Figure 4 : visualizations of BigClam and CPM's results on the twitter graph

On the contrary, we can see that the overlapping community detection algorithms BigClam and cpm don't work at all on our twitter graph. Most of the nodes are not classified (nodes in white, the black nodes belong to several communities). The reason for that is the way these algorithms detect the communities.

The cpm (clique percolation) algorithm tries to find cliques inside the graph (the number of nodes per clique k is a parameter of the algorithm). The issue with this graph is that there are no cliques made of more than two nodes and there are very little possibilities of overlap between the cliques, which makes it very difficult for the algorithm to identify them (even more if k>2). We also tried the kclique algorithm from the networkx library (which is based on the clique percolation method), but with k=2 the algorithm classifies almost all the nodes in one community and with k>2, it gives the same kind of result as cpm. The BigClam algorithm tries to find overlaps between communities initiated with locally minimal neighborhoods, but given the structure of our graph, these initialization communities should have very little overlap.

The twitter graph is a good example of a structure that is not suited for these overlapping community detection algorithms. A solution to that would be to change the way we select our twitter data to get a more appropriate structure. For example, we could consider studying the replies or the mentions between users. Let's take a subgraph of our DBLP test graph, where the structure is very different from the twitter graph, and observe the result of the cpm algorithm:

Figure 5 : Result of community detection using snap's CPM algorithm on a subgraph of the DBLP graph (the nodes in black belong to several communities).

This result shows that the clique percolation method works way better on a wheel structure, where overlaps are more likely and more easily identifiable. However, infomap still had a better performance overall in the sense of the F-Score on this graph. Infomap and fastgreedy also seem to work pretty well on the twitter graph so we could just use those instead of overlapping algorithms.

Visualizing the results:

Once you have applied your community detection algorithm on your graph and you are satisfied with the result, it can be very interesting to build an interactive visualization. It helps materialize your community detection and get a global point of view on your communities and their members. The igraph library has a plot function for this task but the visualization is not interactive. However, there are differents javascript libraries that offer very interesting interactive templates. D3.js has a force-layout graph template where you can play with the nodes and move them around, but Vis.js has a very complete template for community detection visualization that we tried with our twitter graph. All we had to do was adapt our data to the template (it takes json or js files) and use boostrap.js to add descriptions for the communities. The visualization is available on the kernix github here , and the original template here.
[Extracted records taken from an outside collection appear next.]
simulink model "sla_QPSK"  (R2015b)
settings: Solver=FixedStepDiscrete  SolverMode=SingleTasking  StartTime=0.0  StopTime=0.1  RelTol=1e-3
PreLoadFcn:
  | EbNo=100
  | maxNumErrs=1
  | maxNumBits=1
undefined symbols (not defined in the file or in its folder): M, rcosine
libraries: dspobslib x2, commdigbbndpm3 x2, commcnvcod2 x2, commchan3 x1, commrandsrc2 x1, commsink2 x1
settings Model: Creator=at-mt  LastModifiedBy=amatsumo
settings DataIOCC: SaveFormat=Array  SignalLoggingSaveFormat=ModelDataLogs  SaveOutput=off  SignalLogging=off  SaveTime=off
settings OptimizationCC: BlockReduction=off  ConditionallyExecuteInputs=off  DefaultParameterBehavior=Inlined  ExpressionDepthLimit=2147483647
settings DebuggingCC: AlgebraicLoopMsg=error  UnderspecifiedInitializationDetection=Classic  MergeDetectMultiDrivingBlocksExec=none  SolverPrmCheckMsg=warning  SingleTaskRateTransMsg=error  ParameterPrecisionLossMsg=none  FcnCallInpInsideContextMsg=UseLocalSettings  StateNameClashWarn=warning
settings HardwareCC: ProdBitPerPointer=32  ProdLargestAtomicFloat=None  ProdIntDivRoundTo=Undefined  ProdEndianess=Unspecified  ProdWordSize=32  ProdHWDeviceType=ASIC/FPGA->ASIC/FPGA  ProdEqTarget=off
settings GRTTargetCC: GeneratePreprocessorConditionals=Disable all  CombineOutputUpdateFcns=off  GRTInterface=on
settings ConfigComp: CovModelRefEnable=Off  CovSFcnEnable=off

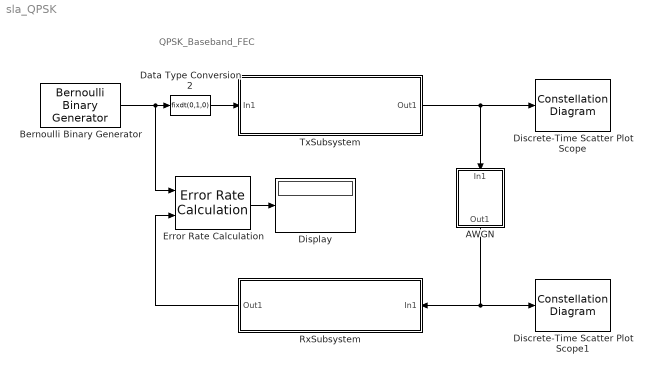
== system sla_QPSK ==
  note: QPSK_Baseband_FEC
  AWGN : Subsystem
  Bernoulli Binary Generator : commrandsrc2/Bernoulli Binary Generator  P=0.5  seed=randseed  Ts=1e-6/log2(4)  frameBased=off  sampPerFrame=1  orient=off  outDataType=boolean
  Data Type Conversion2 : DataTypeConversion  OutDataTypeStr=fixdt(0,1,0)
  Discrete-Time Scatter Plot Scope : ConstellationDiagram  Tag=ScatterPlot
  Discrete-Time Scatter Plot Scope1 : ConstellationDiagram  Tag=ScatterPlot
  Display : Display
  Error Rate Calculation : commsink2/Error Rate Calculation  N=4+4+34+6  st_delay=0  cp_mode=Entire frame  subframe=[]  PMode=Port  WsName=BER  RsMode2=off  stop=off  numErr=maxNumErrs  maxBits=maxNumBits
  RxSubsystem : Subsystem
  TxSubsystem : Subsystem
  wires:
  Bernoulli Binary Generator/1 -> Data Type Conversion2/1, Error Rate Calculation/1
  Error Rate Calculation/1 -> Display/1
  RxSubsystem/1(Out1) -> Error Rate Calculation/2
  Data Type Conversion2/1 -> TxSubsystem/1(In1)
  TxSubsystem/1(Out1) -> Discrete-Time Scatter Plot Scope/1, AWGN/1(In1)
  AWGN/1(Out1) -> Discrete-Time Scatter Plot Scope1/1, RxSubsystem/1(In1)

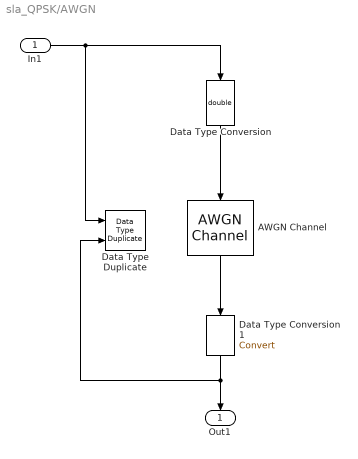
== system sla_QPSK/AWGN ==
  In1 : Inport
  AWGN Channel : commchan3/AWGN Channel  InputProcessing=Inherited (this choice will be removed - see release notes)  seed=randseed  noiseMode="Signal to noise ratio  (Eb/No)"  EbNodB=EbNo+10*log10(1/2)  EsNodB=10  SNRdB=EbNo+10*log10(log2(M))-10*log10((1e-6)/(1e-6))  bitsPerSym=log2(4)  Ps=0.125  Tsym=(1e-6)/2  variance=1
  Data Type Duplicate : DataTypeDuplicate
  Data Type Conversion : DataTypeConversion  OutDataTypeStr=double
  Data Type Conversion1 : DataTypeConversion
  Out1 : Outport
  wires:
  AWGN Channel/1 -> Data Type Conversion1/1
  Data Type Conversion/1 -> AWGN Channel/1
  In1/1 -> Data Type Conversion/1, Data Type Duplicate/1
  Data Type Conversion1/1 -> Out1/1, Data Type Duplicate/2

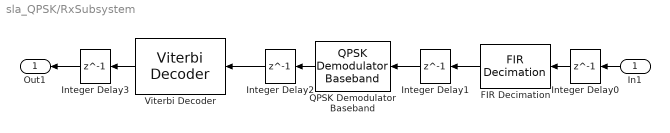
== system sla_QPSK/RxSubsystem ==
  In1 : Inport
  FIR Decimation : dspobslib/FIR Decimation  FilterSource=Dialog parameters  h=rcosine(1,8,'sqrt',0.5,4)  D=8  filtStruct=Direct form  FilterObject=Hm_firdecim  InputProcessing=Inherited (this choice will be removed - see release notes)  framing=Allow multirate processing  inputOffset=0  outputBufInitCond=0  roundingMode=Floor  overflowMode=off  firstCoeffMode=Specify word length  firstCoeffWordLength=16  firstCoeffFracLength=16  firstCoeffDataTypeStr=fixdt(1,16)  firstCoeffMin=[]  firstCoeffMax=[]  firstCoeffLastDataTypeStr=fixdt(1,16)  prodOutputMode=Binary point scaling  prodOutputWordLength=16  prodOutputFracLength=15  prodOutputDataTypeStr=fixdt(1,16,15)  prodOutputLastDataTypeStr=fixdt(1,16,15)  accumMode=Binary point scaling  accumWordLength=24  accumFracLength=20  accumDataTypeStr=fixdt(1,24,20)  accumLastDataTypeStr=fixdt(1,24,20)  outputMin=[]  outputMax=[]
  Integer Delay{0..3} (4 alike) : Delay  DelayLength=1
  QPSK Demodulator Baseband : commdigbbndpm3/QPSK Demodulator Baseband  Ph=pi/4  Dec=Gray  OutType=Bit  DecType=Hard decision  VarSource=Dialog  Variance=1  outDtype1=Smallest unsigned integer  outDtype2=double  derotateFactorDTMode=Specify word length  derotateFactorWordLen=16
  Viterbi Decoder : commcnvcod2/Viterbi Decoder  trellis=poly2trellis(7, [171 133])  isPunctured=off  punctureVector=[1; 1; 0; 1; 0; 1]  erasures=off  dectype=Hard decision  runSigValErrCheck=off  nsdecb=4  smWordLength=5  tbdepth=34  opmode=Continuous  reset=off  outDataType=boolean  delayedResetAction=off
  Out1 : Outport
  wires:
  QPSK Demodulator Baseband/1 -> Integer Delay2/1
  FIR Decimation/1 -> Integer Delay1/1
  In1/1 -> Integer Delay0/1
  Viterbi Decoder/1 -> Integer Delay3/1
  Integer Delay0/1 -> FIR Decimation/1
  Integer Delay1/1 -> QPSK Demodulator Baseband/1
  Integer Delay2/1 -> Viterbi Decoder/1
  Integer Delay3/1 -> Out1/1

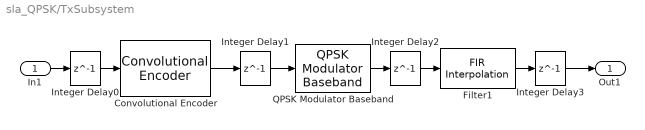
== system sla_QPSK/TxSubsystem ==
  In1 : Inport
  Convolutional Encoder : commcnvcod2/Convolutional Encoder  trellis=poly2trellis(7, [171 133])  opMode=Continuous  DelayedResetAction=off  hasIniStPort=off  hasFinStPort=off  usePuncVector=off  punctureVector=[1; 1; 0; 1; 0; 1]  reset=Unused parameter value
  Filter1 : dspobslib/FIR Interpolation  Tag=BlockMethodSubSystem  FilterSource=Dialog parameters  h=rcosine(1,8,'sqrt',0.5,4)  L=8  FilterObject=Hm_firinterp  InputProcessing=Inherited (this choice will be removed - see release notes)  framing=Allow multirate processing  outputBufInitCond=0  roundingMode=Floor  overflowMode=off  firstCoeffMode=Specify word length  firstCoeffWordLength=16  firstCoeffFracLength=16  firstCoeffDataTypeStr=fixdt(1,16)  firstCoeffMin=[]  firstCoeffMax=[]  firstCoeffLastDataTypeStr=fixdt(1,16)  prodOutputMode=Binary point scaling  prodOutputWordLength=16  prodOutputFracLength=15  prodOutputDataTypeStr=fixdt(1,16,15)  prodOutputLastDataTypeStr=fixdt(1,16,15)  accumMode=Binary point scaling  accumWordLength=24  accumFracLength=21  accumDataTypeStr=fixdt(1,24,21)  accumLastDataTypeStr=fixdt(1,24,21)  outputMin=[]  outputMax=[]
  Integer Delay{0..3} (4 alike) : Delay  DelayLength=1
  QPSK Modulator Baseband : commdigbbndpm3/QPSK Modulator Baseband  InType=Bit  Enc=Gray  Ph=pi/4  outDtype=Fixed-point  outWordLen=16  outUDDataType=sfix(16)  outFracLenMode=Best precision  outFracLen=15
  Out1 : Outport
  wires:
  In1/1 -> Integer Delay0/1
  QPSK Modulator Baseband/1 -> Integer Delay2/1
  Convolutional Encoder/1 -> Integer Delay1/1
  Filter1/1 -> Integer Delay3/1
  Integer Delay0/1 -> Convolutional Encoder/1
  Integer Delay1/1 -> QPSK Modulator Baseband/1
  Integer Delay2/1 -> Filter1/1
  Integer Delay3/1 -> Out1/1

Here are several screenshots :

Figure 6 : Screenshots of the interactive twitter visualization

Conclusion:

To conclude this post, community detection in complex networks is still a very challenging field. Many algorithms have been created to efficiently identify communities inside large networks, infomap being recognized as the most reliable. However, correctly evaluating the performance of these algorithms is still an issue, especially in the case of overlapping communities. The only way we can appreciate the quality of an algorithm is to test it on a graph with a built-in community structure, or where we know the ground-truth communities, and even then, there isn't any implemented measure for overlapping communities. Maybe completing community detection on large graphs with semantical analysis could be a way to have a little more control on the results.

We still saw with the example of the twitter graph that some algorithms yield pretty good results on small graphs (given that we use the best suited algorithms for the graph's structure), and in this case the graph is small enough to build a nice visualization of our result and get an idea of the quality of the partition.